Вскоре, не без помощи Кости и других знакомых, я осмелился начать проникновение в Гослитиздат, в Издательство иностранной литературы и даже изредка получал там заказы на переводы. Не буду утверждать, что все заказные стихи были Поэзией с большой буквы — многие не слишком отличались от газетно-журнальных образцов, которые я до этого находил и проталкивал сам, или от заказных так называемых «датских» (они печатались к различным праздничным датам), но, все же, ощущалось порой и некоторое приятное волнение, которое осмелюсь назвать вдохновением, когда неожиданно попадались для перевода стихи, например, Иоаннеса Иоаннисиана (о ком я до того и слыхом не слыхал), или финских поэтов прошлого века, которых я перевел, как мне тогда казалось, не хуже (если не лучше), чем Александр Блок, или тоже неизвестные мне ранее стихи средневекового арабского поэта Ибн Зайдуна, а также современных поэтов: Фаиза Ахмад Фаиза из Пакистана, Занамиотры с острова Мадагаскар, Воле Шоинки из Нигерии, Джо Уоллеса из Канады, Генри Лоусона из Австралии. Уж не говорю о Байроне или Джоне Драйдене: прикасаться к их оригинальным текстам казалось почти святотатством, хотя были они мне, откровенно говоря, скучны.

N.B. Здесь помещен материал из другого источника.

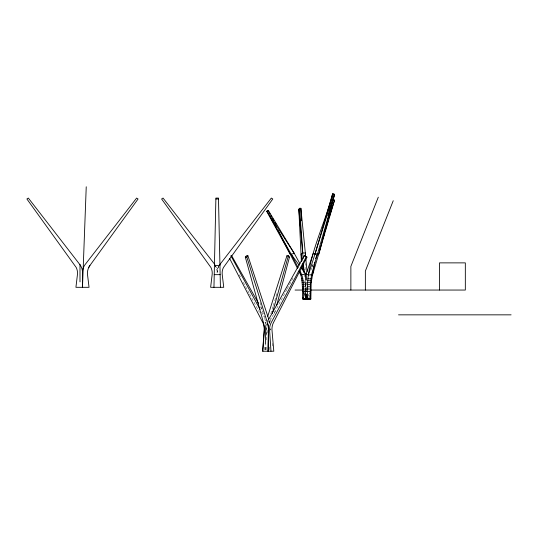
<?xml version="1.0" encoding="UTF-8"?>
<svg xmlns="http://www.w3.org/2000/svg" width="538" height="538" viewBox="0 0 538 538"><rect width="100%" height="100%" fill="white"/><g stroke="black" fill="none" stroke-linecap="round" stroke-linejoin="round"><path stroke-width="0.4" stroke-dasharray="2.69 2.02" d="M305.1 290.681L305.389 280.87M265.301 349.814L265.342 345.591M305.12 270.049L305.201 263.553M306.001 290.574L305.772 281.367M264.541 349.814L264.622 345.591M266.142 349.814L266.223 345.591M266.323 339.955L266.532 328.691A12.946 6.375 -88.6 0 0 266.532 327.555M306.048 290.681L305.638 280.87M265.335 349.915L265.678 344.703M266.371 334.273L266.633 330.366A12.946 11.399 87.4 0 0 266.539 327.46M306.647 282.268L306.391 290.681M274.481 313.728L275.382 310.318M308.866 297.541L309.283 296.001M269.578 323.499A12.946 6.126 88.6 0 1 269.968 321.798L271.125 317.669M270.822 313.728L273.096 306.223M273.297 305.544L274.333 302.134M274.743 300.769L277.426 291.905M308.577 296.001L309.115 294.454M310.843 270.17L311.778 267.877M312.094 267.11L313.338 264.057M311.892 266.633L313.405 263.687M286.895 289.464L269.538 321.798A12.946 11.258 87.5 0 0 269.013 322.887M287.265 288.778L290.964 281.899M291.697 280.52L293.546 277.083M218.347 267.05L219.511 265.12M304.851 280.87L304.952 282.268L306.862 282.268M302.726 282.672L305.866 282.672M304.952 282.268L305.059 284.427L308.2 284.427M302.82 284.683L305.967 284.683M305.059 284.427L305.12 286.68L308.261 286.68M302.881 286.781L306.021 286.781M302.887 288.993L306.028 288.993M305.12 286.68L305.127 289.034L308.274 289.034M304.32 290.049L309.357 290.049M268.24 321.798L269.968 321.798M214.864 265.12L216.027 267.05M260.412 306.667L263.129 311.482M261.582 312.168L264.198 316.983M239.289 274.851L240.385 276.902M243.324 282.356L249.195 293.264M249.558 293.95L259.471 312.363M308.651 294.481L309.384 295.974M269.141 320.426L269.599 321.798A12.946 6.375 88.6 0 1 269.686 322.087M260.076 302.538L260.876 305.288M261.273 306.667L264.481 317.669M264.683 318.361L265.685 321.798M304.091 273.99L304.602 278.092M304.649 269.087L304.77 270.755M272.208 343.399L272.363 346.008M267.204 332.968L267.144 330.366A12.946 6.126 -88.6 0 1 267.151 328.846M270.701 328.691L270.728 330.097L270.769 328.691M269.504 346.997L269.558 349.814M305.113 289.034L305.14 290.681M265.55 323.499A12.946 6.126 -88.6 0 1 265.92 322.087M265.765 322.087A12.946 6.375 -88.6 0 1 266.095 323.499M268.946 321.798A12.946 11.399 87.4 0 1 269.679 323.298M264.972 322.592A12.946 11.399 87.4 0 1 265.409 323.479M217.318 272.383A11.143 7.882 90 0 0 215.61 266.263A11.143 7.882 -90 0 1 217.318 272.383M218.764 266.263A11.143 7.882 -90 0 0 217.056 272.383A11.143 7.882 90 0 1 218.764 266.263"/><path stroke-width="0.81" d="M310.096 298.953L307.776 298.953C304.111 262.295 323.876 228.193 332.652 193.734L333.802 193.734L334.589 194.655L311.468 274.918L310.661 282.672L310.096 298.953L303.244 298.953M265.355 344.179L265.523 328.691A12.946 11.258 -87.5 0 1 266.223 324.347M268.274 351.22L268.502 328.691A12.946 11.399 -87.4 0 0 267.601 323.499M299.693 270.527C304.891 279.027 303.271 289.484 303.432 298.953L307.776 298.953L305.416 292.248M305.295 256.249L305.335 253.001L300.876 208.28L299.653 208.28L298.819 209.201L301.381 261.589M213.956 287.312L215.893 198.071L218.482 198.071L220.419 287.312M267.904 351.22L268.408 330.366A12.946 6.375 88.6 0 0 267.379 322.592L246.828 257.124L247.904 255.758L268.691 319.047M305.295 299.081L302.578 298.953C302.174 289.639 303.19 279.915 299.478 271.085M86.235 186.78L82.482 287.312L82.482 272.396A12.946 12.939 0 0 0 79.772 264.474L28.346 198.071L26.9 198.993L76.255 267.554A12.946 12.939 0 0 1 77.432 274.662L75.925 287.312L89.039 287.312L87.526 274.662A12.939 12.939 0 0 1 89.893 265.543L138.064 198.993L136.618 198.071L85.192 264.474A12.946 12.939 0 0 0 82.482 272.396M262.9 351.22L264.178 330.366A12.946 6.375 -88.6 0 0 263.438 322.592L245.321 257.124L246.444 255.758L247.904 255.758M314.73 262.06L311.172 282.672L310.85 298.953L307.494 299.081M305.443 280.17L306.149 273.99L313.331 253.216L314.979 254.118L317.38 254.118L315.51 258.704M302.349 291.367L303.506 291.367L306.149 299.081L306.774 294.535M276.646 305.544L289.484 257.124L288.402 255.758L286.929 255.758L267.756 316.297M309.908 293.681L310.534 291.367L305.154 291.502M272.275 313.546L288.402 255.758M332.867 199.215L334.535 200.136L312.538 274.918L311.072 274.548M306.149 273.99L308.321 274.918L314.979 254.118L332.652 193.734L333.439 194.655L334.589 194.655L329.236 211.273M319.29 250.896L320.002 248.482M323.089 238.004L324.273 233.976M325.221 230.755L325.934 228.334M326.411 226.727L328.072 221.084M329.021 217.863L334.535 200.136M314.979 254.118L333.439 194.655M327.931 215.893L329.673 210.331M330.171 208.744L333.156 199.215L318.899 254.118L316.902 253.445M378.301 197.197L350.87 266.411L350.87 290.049M393.238 200.721L365.363 271.044L365.363 290.049M303.264 297.46L302.578 298.953L307.218 299.081M88.703 267.554L89.893 265.543M267.709 321.112L304.172 255.758L304.999 255.758L306.949 257.124L273.479 322.592A12.946 11.258 87.5 0 0 272.006 330.366L273.802 351.22L262.524 351.22L264.333 330.366A12.946 11.399 -87.4 0 0 262.826 322.592L229.632 258.489M306.949 257.124L306.095 257.124L271.253 322.592A12.946 11.258 -87.5 0 0 269.605 330.366L270.97 351.22M219.928 264.44L271.327 198.071L272.766 198.993L223.411 267.554A12.946 12.939 0 0 0 222.234 274.662L223.741 287.312L210.634 287.312L212.14 274.662A12.946 12.939 0 0 0 210.963 267.554L161.608 198.993L163.048 198.071L214.817 264.474M297.447 268.334L290.332 254.427L266.687 211.333L267.904 210.412L268.301 210.412L294.286 253.425L299.922 263.707M268.301 210.412L266.687 211.333M231.084 256.182L231.69 255.758L258.469 303.224M305.624 256.229L305.335 253.001L302.807 253.001L301.078 254.091L302.08 260.722M278.166 230.553L290.332 254.427L294.286 253.425L267.09 211.333L291.307 254.427L298.166 267.601M215.873 198.993L218.502 198.993M245.321 257.124L246.828 257.124M288.819 257.124L289.484 257.124M214.427 265.543L219.948 265.543M214.225 274.662L220.15 274.662M308.321 274.918L311.468 274.918M301.616 278.805L302.773 278.805M307.844 278.805L311.724 278.805M301.912 280.722L303.069 280.722M307.662 280.722L310.803 280.722M302.148 282.672L303.304 282.672M307.514 282.672L311.172 282.672M302.309 284.683L303.466 284.683M307.42 284.683L310.56 284.683M302.396 286.781L303.56 286.781M307.359 286.781L310.507 286.781M302.417 288.993L303.573 288.993M307.353 288.993L310.493 288.993M295.08 290.049L302.638 290.049M311.031 290.049L465.33 290.049L465.33 262.874L439.472 262.874L439.472 290.049M310.285 298.953L310.85 298.953L310.117 297.46M398.53 314.844L511.1 314.844M303.506 291.367L306.452 291.475M304.172 255.758L306.095 257.124M286.929 255.758L287.252 256.182M291.307 254.427L299.168 265.221M301.132 267.917L305.557 273.99L306.714 280.17M267.904 210.412L270.022 213.996M270.87 215.429L271.71 216.868M272.558 218.3L273.829 220.452M275.1 222.597L275.947 224.037M301.529 266.646L305.557 273.99L300.816 274.918L298.946 271.26M230.896 255.758L260.083 309.417M275.503 225.335L276.263 226.828M302.585 264.037L303.842 272.336M305.443 293.775L306.122 299.081M305.846 258.65L307.016 271.569M298.819 209.201L303.156 258.65M299.653 208.28L302.807 253.001M303.452 263.499L303.943 271.569M300.876 208.28L301.623 220.775M301.583 266.586L301.65 268.254M79.994 264.42L79.994 281.878M214.42 264.575A11.143 7.882 -90 0 1 214.87 265.126M219.8 264.75A11.143 7.882 90 0 1 219.955 264.575"/></g></svg>

Позднее в издательстве «Советский писатель», в Гослитиздате, в некоторых областных издательствах переводил с переменным удовольствием стихи Шота Зоидзе из Аджарии, Александра Царукаева из Северной Осетии, Сильвы Капутикян и Ованеса Шираза из Армении, Максуда Шейхзаде из Узбекистана; стихотворный эпос адыгов, башкир, туркменов… (Вспоминаю не ради славо- и пустословия, а потому что, в самом деле, приятно вспомнить. Ностальгия-с…)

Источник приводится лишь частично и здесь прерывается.